При упоминании Боба что-то в Ребекке надломилось окончательно. Её лицо исказилось гримасой немой агонии. Слёзы, тихие и бесконечные, хлынули с новой силой, её худенькое тело затряслось в беззвучных рыданиях. И Ингрид не выдержала. Всё её детское, вымученное мужество рухнуло под тяжестью этой общей, всепоглощающей боли. Она сама расплакалась — горько, по-детски всхлипывая.
— Я знаю… я знаю, Ребби, — она пролепетала сквозь слёзы, притягивая подругу к себе. — Я тоже… я так по нему скучаю… Каждую секунду. Мне не хватает его шуток, его песен, того, как он гладил меня по голове… Его тёплых объятий… Мне так страшно и пусто без него…
Они сидели, обнявшись, две маленькие, сломленные фигурки в полутьме вагончика, пропахшего теперь лекарствами, пылью и горем. Их слёзы смешивались, падая на тонкую ткань сорочки Ребби и на простую хлопковую юбку Ингрид.
— Но мы… мы должны жить, — наконец выдохнула Ингрид, отстраняясь и смахивая с лица мокрые пряди. Её глаза, красные от слёз, горели странным, не по годам твёрдым огнём. — Ради него. Ради друг друга. Даже если… даже если не вместе. Ты там. Я здесь. Но мы будем жить.
Она взяла лицо Ребби в свои ладони, заставляя её смотреть на себя.
— Мы ещё встретимся. Обязательно. Я обещаю. Мы не навсегда прощаемся. Ты… ты обещай мне, что выздоровеешь. Что вернёшься. Что обязательно, обязательно приедешь обратно. Ко мне. Сюда. А я… — её губы дрогнули в слабой, но решительной улыбке, — я найду тебя. Где бы ты ни была. Я всегда найду тебя. Мы с папой… мы тебя нашли однажды. И я найду снова.
Она замолчала, ища в глазах подруги понимания. Потом протянула к ней мизинец.
— И ещё одно обещание. Самое главное. Мы никогда друг друга не забудем. Никогда. Что бы в жизни ни случилось. Мы — сёстры. Мы — семья. И это навсегда.

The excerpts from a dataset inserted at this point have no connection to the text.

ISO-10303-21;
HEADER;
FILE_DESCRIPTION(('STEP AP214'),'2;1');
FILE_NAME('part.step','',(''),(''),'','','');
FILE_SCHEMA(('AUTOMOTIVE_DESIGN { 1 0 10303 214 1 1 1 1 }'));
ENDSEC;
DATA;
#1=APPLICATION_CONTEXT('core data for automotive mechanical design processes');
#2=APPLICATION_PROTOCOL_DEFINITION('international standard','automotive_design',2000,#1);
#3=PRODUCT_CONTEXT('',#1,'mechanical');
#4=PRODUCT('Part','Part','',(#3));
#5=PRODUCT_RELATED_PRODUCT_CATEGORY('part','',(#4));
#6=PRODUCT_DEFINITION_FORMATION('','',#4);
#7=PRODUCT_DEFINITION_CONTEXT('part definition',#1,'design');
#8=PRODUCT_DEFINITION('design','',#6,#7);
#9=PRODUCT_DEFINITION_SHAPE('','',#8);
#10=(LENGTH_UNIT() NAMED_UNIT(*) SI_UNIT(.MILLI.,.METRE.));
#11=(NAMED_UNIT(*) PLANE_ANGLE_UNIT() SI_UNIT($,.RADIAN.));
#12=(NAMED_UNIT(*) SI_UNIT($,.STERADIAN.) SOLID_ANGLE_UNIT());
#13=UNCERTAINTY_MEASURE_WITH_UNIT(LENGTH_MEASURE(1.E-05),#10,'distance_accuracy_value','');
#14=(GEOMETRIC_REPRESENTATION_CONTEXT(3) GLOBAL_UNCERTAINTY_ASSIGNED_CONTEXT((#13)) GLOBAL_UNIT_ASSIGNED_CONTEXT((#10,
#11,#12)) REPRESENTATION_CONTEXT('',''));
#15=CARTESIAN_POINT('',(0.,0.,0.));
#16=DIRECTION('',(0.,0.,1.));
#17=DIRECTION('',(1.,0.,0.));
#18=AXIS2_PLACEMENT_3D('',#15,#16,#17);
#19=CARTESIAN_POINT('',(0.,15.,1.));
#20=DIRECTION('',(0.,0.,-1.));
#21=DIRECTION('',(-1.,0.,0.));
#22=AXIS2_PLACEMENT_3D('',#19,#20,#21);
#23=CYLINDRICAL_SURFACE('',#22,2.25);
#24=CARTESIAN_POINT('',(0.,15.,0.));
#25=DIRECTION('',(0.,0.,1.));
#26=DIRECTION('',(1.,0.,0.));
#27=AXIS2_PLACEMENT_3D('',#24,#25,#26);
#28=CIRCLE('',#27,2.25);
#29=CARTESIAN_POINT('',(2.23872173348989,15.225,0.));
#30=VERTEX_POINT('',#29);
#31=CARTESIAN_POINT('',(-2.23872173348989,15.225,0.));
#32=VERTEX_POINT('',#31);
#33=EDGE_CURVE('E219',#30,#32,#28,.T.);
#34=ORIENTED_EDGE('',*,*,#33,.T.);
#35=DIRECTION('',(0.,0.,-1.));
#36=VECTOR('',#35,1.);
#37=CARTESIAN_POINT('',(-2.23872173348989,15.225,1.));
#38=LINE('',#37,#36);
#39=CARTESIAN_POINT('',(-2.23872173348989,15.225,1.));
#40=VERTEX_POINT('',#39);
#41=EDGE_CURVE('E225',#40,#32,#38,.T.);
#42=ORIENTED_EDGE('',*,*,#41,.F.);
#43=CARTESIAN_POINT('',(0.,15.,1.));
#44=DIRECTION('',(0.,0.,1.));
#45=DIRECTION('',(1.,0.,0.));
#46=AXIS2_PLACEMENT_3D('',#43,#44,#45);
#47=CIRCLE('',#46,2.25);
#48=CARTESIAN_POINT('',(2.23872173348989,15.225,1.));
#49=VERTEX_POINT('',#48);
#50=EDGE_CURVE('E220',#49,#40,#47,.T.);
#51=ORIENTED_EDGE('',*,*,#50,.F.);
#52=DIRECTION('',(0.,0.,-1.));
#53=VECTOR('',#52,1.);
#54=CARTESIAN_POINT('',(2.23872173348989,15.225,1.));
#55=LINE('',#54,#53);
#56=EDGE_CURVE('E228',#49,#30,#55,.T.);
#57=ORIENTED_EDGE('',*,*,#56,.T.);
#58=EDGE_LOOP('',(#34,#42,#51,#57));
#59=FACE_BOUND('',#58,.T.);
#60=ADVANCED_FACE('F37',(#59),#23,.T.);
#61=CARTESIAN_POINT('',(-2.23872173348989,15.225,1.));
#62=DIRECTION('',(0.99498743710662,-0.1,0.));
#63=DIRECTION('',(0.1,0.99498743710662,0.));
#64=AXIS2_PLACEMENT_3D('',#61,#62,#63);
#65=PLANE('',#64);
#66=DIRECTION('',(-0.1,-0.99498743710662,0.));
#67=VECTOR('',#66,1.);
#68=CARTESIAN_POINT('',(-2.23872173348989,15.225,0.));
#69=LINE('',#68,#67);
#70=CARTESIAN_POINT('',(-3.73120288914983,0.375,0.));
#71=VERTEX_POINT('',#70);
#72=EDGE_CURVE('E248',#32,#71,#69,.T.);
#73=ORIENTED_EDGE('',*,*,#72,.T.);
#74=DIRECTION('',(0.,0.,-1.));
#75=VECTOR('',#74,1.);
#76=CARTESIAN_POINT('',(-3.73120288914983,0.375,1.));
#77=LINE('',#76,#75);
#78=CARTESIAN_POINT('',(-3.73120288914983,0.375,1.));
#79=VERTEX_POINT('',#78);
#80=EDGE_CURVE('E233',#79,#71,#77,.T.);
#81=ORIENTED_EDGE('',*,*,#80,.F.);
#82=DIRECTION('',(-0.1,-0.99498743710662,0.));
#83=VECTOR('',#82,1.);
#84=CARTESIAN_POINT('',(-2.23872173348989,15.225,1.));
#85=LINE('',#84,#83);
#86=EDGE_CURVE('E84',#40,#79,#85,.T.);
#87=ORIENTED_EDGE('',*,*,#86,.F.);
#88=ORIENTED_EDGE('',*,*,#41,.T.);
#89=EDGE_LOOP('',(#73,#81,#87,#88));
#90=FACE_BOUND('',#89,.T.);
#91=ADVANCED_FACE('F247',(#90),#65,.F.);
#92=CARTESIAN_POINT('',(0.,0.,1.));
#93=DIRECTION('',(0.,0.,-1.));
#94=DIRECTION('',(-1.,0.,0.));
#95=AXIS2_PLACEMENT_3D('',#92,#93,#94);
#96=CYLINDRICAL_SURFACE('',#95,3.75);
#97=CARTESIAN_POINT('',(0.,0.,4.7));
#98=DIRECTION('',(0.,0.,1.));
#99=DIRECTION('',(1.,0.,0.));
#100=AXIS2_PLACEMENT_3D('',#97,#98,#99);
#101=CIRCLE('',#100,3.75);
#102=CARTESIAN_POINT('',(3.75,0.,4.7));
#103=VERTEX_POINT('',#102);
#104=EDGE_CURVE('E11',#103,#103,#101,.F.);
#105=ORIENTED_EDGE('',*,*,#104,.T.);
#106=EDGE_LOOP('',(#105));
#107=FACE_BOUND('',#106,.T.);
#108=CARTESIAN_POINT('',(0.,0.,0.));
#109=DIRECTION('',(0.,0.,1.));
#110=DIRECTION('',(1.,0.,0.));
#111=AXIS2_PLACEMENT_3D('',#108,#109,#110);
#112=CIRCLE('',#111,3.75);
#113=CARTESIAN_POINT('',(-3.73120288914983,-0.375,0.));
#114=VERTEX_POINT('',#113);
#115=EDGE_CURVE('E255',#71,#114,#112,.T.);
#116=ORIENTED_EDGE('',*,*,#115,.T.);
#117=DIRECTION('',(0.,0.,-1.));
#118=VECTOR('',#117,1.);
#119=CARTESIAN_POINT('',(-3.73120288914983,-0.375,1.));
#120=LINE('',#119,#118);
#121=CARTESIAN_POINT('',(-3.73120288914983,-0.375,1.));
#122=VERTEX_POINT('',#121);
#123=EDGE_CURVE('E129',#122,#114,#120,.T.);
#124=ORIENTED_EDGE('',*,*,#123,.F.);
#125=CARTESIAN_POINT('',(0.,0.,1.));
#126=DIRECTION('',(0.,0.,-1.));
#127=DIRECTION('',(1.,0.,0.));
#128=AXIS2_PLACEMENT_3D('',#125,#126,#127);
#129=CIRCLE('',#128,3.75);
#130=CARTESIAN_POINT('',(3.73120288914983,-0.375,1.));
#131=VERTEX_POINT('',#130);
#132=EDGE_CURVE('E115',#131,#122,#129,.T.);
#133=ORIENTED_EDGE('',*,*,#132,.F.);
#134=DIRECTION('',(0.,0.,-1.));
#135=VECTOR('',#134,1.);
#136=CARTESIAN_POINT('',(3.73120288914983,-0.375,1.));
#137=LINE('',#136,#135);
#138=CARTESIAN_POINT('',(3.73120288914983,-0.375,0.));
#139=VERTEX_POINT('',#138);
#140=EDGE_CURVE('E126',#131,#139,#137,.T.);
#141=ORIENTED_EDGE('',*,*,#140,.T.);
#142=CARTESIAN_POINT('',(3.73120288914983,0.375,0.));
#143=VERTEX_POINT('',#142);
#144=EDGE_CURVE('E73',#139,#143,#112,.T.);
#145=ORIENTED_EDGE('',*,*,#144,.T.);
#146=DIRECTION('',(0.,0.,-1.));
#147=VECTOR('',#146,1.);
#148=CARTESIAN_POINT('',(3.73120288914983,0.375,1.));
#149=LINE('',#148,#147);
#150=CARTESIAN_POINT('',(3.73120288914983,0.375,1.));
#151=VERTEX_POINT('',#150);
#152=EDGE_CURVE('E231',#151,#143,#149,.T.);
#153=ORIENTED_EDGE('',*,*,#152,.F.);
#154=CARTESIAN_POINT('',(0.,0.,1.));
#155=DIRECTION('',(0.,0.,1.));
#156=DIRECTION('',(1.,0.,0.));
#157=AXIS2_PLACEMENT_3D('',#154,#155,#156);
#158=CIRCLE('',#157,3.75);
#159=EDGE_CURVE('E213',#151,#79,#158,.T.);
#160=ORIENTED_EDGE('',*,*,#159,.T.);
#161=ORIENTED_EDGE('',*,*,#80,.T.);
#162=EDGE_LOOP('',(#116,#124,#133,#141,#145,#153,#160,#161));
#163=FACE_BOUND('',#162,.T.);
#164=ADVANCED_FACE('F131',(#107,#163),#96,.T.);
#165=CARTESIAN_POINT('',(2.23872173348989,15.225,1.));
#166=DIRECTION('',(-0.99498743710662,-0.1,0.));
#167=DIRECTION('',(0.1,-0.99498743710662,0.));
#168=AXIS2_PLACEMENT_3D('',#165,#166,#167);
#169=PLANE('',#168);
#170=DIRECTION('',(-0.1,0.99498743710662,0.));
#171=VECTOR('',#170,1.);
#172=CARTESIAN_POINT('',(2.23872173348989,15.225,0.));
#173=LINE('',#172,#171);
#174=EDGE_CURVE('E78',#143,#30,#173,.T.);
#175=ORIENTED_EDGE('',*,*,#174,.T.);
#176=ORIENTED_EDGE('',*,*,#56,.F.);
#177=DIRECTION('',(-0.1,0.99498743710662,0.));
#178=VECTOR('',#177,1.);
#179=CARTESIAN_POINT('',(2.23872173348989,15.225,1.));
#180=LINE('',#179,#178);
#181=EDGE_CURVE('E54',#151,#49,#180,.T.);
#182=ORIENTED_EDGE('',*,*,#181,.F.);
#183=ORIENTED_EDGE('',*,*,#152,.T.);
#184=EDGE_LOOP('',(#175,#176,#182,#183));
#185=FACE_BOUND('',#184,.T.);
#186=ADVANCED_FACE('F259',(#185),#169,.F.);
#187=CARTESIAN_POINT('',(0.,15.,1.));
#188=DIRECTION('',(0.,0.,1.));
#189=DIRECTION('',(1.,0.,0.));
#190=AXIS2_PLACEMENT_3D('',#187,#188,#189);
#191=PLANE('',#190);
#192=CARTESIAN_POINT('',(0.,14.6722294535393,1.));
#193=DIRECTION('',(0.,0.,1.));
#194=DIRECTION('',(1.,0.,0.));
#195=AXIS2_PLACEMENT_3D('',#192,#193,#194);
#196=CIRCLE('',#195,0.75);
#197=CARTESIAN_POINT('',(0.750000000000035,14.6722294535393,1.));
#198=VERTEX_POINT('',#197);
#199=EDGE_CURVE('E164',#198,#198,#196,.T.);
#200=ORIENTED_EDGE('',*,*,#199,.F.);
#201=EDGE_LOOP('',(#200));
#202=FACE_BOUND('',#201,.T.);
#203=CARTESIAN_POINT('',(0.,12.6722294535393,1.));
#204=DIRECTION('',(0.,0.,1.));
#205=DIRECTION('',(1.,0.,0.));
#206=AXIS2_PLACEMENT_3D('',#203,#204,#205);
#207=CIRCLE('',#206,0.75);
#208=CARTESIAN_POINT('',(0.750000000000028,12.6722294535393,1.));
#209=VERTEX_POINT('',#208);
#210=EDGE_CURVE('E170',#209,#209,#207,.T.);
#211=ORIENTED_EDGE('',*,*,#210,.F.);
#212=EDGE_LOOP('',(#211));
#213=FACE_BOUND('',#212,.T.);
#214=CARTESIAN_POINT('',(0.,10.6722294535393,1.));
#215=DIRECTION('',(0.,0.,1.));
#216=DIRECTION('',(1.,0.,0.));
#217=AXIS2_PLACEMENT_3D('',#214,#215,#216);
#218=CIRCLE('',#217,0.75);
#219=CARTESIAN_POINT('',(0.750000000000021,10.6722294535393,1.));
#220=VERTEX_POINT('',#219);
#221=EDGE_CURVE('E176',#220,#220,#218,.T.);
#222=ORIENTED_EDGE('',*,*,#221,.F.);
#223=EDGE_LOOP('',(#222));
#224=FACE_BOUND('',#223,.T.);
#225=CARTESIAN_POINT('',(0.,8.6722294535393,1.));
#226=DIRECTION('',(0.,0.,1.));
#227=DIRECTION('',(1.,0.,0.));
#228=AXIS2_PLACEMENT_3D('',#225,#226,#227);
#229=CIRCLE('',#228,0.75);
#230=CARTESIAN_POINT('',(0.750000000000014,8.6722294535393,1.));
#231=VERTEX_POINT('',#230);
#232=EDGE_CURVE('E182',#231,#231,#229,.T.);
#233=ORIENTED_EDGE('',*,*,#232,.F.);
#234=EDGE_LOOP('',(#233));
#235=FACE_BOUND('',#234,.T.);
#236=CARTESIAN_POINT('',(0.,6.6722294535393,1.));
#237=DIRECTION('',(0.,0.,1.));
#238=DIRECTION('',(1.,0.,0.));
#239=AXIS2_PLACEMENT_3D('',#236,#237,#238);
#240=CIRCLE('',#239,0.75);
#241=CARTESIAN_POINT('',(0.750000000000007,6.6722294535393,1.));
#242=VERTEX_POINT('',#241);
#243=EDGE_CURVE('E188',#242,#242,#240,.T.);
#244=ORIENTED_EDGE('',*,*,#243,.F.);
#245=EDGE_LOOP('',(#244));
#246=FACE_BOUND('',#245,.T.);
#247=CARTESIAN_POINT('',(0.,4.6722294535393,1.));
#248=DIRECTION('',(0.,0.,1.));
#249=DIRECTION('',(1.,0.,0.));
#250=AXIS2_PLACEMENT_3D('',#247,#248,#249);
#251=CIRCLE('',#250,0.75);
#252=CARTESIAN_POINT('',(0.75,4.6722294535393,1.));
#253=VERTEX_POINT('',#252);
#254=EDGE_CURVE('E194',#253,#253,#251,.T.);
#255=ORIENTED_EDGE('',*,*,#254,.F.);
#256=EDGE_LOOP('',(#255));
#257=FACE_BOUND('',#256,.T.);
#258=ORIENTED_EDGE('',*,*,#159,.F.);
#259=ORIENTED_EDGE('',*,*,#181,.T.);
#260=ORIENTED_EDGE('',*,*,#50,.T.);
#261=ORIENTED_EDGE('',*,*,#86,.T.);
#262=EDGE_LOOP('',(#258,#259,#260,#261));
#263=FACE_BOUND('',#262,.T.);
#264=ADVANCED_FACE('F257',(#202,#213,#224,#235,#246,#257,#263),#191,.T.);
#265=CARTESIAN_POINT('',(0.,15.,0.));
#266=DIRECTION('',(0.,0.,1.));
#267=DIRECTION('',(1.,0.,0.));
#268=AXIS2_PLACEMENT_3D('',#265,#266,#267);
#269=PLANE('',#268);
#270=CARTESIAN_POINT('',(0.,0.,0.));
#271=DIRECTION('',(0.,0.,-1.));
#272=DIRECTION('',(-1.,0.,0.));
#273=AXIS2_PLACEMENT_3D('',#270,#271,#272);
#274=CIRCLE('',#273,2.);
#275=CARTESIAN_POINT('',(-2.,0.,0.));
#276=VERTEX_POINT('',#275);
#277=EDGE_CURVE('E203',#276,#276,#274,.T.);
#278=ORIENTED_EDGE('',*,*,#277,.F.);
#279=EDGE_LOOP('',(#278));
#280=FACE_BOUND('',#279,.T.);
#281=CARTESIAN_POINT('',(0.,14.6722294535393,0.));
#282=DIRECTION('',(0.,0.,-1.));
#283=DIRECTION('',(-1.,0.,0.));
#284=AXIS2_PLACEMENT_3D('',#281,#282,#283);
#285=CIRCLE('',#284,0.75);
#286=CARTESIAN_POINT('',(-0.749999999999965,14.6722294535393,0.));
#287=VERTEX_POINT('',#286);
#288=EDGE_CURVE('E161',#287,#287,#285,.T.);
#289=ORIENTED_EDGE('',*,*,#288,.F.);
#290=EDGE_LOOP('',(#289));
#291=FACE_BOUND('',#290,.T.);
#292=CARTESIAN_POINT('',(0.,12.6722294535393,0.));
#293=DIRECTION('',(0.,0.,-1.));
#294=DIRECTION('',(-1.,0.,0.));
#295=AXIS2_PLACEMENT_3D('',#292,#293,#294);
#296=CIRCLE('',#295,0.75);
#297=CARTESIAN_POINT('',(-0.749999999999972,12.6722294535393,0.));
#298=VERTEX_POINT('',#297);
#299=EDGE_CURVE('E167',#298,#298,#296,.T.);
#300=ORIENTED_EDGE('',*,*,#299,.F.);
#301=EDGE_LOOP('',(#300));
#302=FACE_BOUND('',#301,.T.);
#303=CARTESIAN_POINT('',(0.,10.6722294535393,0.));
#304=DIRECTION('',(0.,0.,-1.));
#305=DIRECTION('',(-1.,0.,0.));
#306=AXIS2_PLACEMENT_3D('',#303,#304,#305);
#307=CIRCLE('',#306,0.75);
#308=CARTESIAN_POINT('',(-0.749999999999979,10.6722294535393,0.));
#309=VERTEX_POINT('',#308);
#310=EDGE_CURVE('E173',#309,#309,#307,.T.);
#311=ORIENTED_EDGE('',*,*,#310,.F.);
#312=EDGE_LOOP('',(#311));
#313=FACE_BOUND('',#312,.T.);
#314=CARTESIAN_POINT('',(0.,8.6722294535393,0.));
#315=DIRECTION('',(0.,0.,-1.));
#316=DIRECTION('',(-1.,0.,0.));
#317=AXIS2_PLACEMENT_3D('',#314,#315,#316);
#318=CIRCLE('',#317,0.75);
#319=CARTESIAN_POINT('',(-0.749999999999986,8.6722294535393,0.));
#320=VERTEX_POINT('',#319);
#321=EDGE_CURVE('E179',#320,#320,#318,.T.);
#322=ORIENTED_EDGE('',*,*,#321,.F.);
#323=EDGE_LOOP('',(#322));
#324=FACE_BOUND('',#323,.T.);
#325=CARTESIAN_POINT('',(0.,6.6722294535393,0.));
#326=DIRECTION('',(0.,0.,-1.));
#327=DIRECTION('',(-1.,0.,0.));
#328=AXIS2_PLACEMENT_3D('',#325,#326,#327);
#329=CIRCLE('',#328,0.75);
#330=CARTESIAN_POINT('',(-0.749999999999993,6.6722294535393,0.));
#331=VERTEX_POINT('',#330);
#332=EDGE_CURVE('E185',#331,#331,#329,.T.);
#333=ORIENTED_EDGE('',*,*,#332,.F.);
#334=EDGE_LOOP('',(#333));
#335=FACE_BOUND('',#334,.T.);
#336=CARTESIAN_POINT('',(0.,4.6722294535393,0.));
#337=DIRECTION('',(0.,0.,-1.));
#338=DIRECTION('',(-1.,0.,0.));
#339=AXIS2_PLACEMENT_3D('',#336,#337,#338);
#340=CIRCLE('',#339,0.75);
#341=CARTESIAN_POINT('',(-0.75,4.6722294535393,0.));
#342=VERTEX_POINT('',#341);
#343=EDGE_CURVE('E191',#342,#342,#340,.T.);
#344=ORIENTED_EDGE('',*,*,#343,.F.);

Ребекка смотрела на неё сквозь пелену слёз. Секунду, другую. А потом — медленно, неуверенно, как будто двигая тяжёлым грузом, — её губы дрогнули. Уголки рта потянулись вверх, вырисовывая слабую, дрожащую, но настоящую улыбку. Первую за долгие, долгие дни ада. Она кивнула. Коротко, твёрдо. И протянула свой собственный мизинец, обмотанный бинтом.
Их маленькие пальцы сплелись в клятве — тёплой, живой, хрупкой, но непоколебимой, как скала посреди бушующего моря их горя.
Потом они снова обнялись. Крепко, отчаянно, как будто пытались впитать друг в друга на годы разлуки вперёд тепло, запах, саму суть друг друга. Ингрид прижималась щекой к волосам Ребби, шепча ей на ухо сквозь предательские слёзы:
— Мы выживем, Ребби. Мы обязательно выживем. Ради него. Ради друг друга.